Carlos Castán (Barcelona,
1960) ha estado siempre muy vinculado a Huesca, ciudad en la que vivió
bastantes años, y actualmente reside en Zaragoza, donde trabaja como profesor
de instituto. Podemos decir, por tanto, que, aunque nació en Barcelona, Castán
es uno de los más destacados escritores aragoneses actuales. Por su trayectoria
literaria, es también uno de los valores más sólidos y con mejores cimientos de
la narrativa española reciente. Después de sus magníficos libros de relatos Frío de vivir (1997), Museo de la soledad (2000) y Sólo de lo perdido (2008), y de sus
textos sobre la Ruta 66 con ilustraciones de Dominique Leyva en el libro Polvo en el neón (2013), ha publicado
recientemente La mala luz, su primera
y esperada novela.
La
mala luz va de soledades inmensas y de pasiones intensas que
intentan rellenarlas.

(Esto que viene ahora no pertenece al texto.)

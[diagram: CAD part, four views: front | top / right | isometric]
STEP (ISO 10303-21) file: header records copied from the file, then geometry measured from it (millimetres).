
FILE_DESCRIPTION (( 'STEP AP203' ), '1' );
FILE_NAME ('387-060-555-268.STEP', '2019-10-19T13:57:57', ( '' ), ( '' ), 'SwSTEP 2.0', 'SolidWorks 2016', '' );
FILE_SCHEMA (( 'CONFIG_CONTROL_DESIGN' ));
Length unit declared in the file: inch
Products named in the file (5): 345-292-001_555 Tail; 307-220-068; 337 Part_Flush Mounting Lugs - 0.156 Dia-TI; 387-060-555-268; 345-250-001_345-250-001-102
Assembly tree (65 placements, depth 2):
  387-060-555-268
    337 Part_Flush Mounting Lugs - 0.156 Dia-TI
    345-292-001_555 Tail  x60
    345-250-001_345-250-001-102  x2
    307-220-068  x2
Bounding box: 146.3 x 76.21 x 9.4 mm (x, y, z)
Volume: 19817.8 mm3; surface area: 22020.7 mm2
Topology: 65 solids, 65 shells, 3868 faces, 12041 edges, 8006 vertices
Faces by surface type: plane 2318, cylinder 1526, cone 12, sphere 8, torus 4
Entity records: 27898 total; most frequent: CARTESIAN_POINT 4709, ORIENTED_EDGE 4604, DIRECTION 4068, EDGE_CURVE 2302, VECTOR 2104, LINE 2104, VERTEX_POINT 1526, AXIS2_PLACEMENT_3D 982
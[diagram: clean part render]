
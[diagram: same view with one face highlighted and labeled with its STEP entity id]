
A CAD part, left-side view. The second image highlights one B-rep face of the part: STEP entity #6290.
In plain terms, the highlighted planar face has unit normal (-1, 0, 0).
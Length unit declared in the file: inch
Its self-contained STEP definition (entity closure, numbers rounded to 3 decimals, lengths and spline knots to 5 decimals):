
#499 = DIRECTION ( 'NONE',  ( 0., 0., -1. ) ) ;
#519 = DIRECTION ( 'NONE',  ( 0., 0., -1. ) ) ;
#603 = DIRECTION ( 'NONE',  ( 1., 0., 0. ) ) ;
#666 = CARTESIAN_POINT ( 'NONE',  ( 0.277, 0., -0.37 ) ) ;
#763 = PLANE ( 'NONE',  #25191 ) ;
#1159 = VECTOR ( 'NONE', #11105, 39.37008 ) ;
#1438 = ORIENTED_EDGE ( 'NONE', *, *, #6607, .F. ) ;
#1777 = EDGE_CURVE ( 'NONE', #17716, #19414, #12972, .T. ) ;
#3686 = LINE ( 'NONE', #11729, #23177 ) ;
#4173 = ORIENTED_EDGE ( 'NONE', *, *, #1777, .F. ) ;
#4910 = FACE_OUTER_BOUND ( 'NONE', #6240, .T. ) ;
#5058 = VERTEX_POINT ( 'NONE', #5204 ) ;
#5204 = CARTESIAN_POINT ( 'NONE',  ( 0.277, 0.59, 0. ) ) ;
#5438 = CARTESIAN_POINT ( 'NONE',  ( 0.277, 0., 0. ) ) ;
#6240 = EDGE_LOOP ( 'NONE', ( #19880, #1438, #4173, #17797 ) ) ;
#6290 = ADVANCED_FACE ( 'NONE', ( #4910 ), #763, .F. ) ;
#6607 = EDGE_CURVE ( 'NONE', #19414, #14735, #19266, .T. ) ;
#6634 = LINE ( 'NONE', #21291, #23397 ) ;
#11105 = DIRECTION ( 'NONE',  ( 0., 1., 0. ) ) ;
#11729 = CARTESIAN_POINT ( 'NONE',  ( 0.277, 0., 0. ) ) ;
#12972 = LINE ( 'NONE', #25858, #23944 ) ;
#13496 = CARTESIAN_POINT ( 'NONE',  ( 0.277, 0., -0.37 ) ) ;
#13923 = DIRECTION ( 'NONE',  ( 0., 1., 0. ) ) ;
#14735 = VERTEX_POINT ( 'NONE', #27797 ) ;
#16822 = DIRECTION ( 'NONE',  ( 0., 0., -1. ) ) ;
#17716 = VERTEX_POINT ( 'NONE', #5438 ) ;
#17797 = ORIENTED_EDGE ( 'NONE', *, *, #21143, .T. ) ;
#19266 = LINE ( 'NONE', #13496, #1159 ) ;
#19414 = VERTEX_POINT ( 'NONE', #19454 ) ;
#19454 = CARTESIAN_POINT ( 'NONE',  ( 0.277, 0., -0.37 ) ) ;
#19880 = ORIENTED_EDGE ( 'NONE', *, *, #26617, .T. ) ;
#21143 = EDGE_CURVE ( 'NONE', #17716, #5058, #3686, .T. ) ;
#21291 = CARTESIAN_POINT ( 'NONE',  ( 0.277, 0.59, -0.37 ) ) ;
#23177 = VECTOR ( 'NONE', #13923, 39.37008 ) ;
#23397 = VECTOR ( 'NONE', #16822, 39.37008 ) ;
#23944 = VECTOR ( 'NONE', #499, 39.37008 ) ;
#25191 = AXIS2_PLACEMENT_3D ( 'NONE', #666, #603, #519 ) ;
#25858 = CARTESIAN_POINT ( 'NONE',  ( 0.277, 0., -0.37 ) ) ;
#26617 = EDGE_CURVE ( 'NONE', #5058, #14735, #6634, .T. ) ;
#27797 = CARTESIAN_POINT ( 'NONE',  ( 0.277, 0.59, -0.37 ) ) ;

Dos hombres maduros, el narrador del relato y el
desmesurado Jacobo, coinciden en Zaragoza tras fracasar en sus respectivos
matrimonios y dejar atrás una ciudad anterior más pequeña y provinciana. Ambos
se hacen mutua compañía y comparten aficiones cinematográficas y literarias. La
presencia del narrador en la casa y en la vida de Jacobo se hace aún mayor
cuando éste comienza a sentir unos miedos aterradores que parecen infundados,
pero que acaban en su sangriento asesinato. A partir de ahí aparece Nadia en la
novela, una mujer fatal, una amantis de vuelo trágico y pasión devoradora.
La
mala luz es pura literatura. Los personajes de la novela, y esto
no es demérito de la misma, son más literarios que reales, desmesuradamente
románticos y destructivamente vitales y apasionados. De un romanticismo
wertheriano, son y se confunden con sus lecturas, sus películas de culto, su
pasado perdido y su deseo de volver a perderse y de perderlo todo, hasta la propia
vida, en una pasión que entraña, a la postre, una soledad renovada que deambula
tambaleante entre el suicidio y la más negra bohemia.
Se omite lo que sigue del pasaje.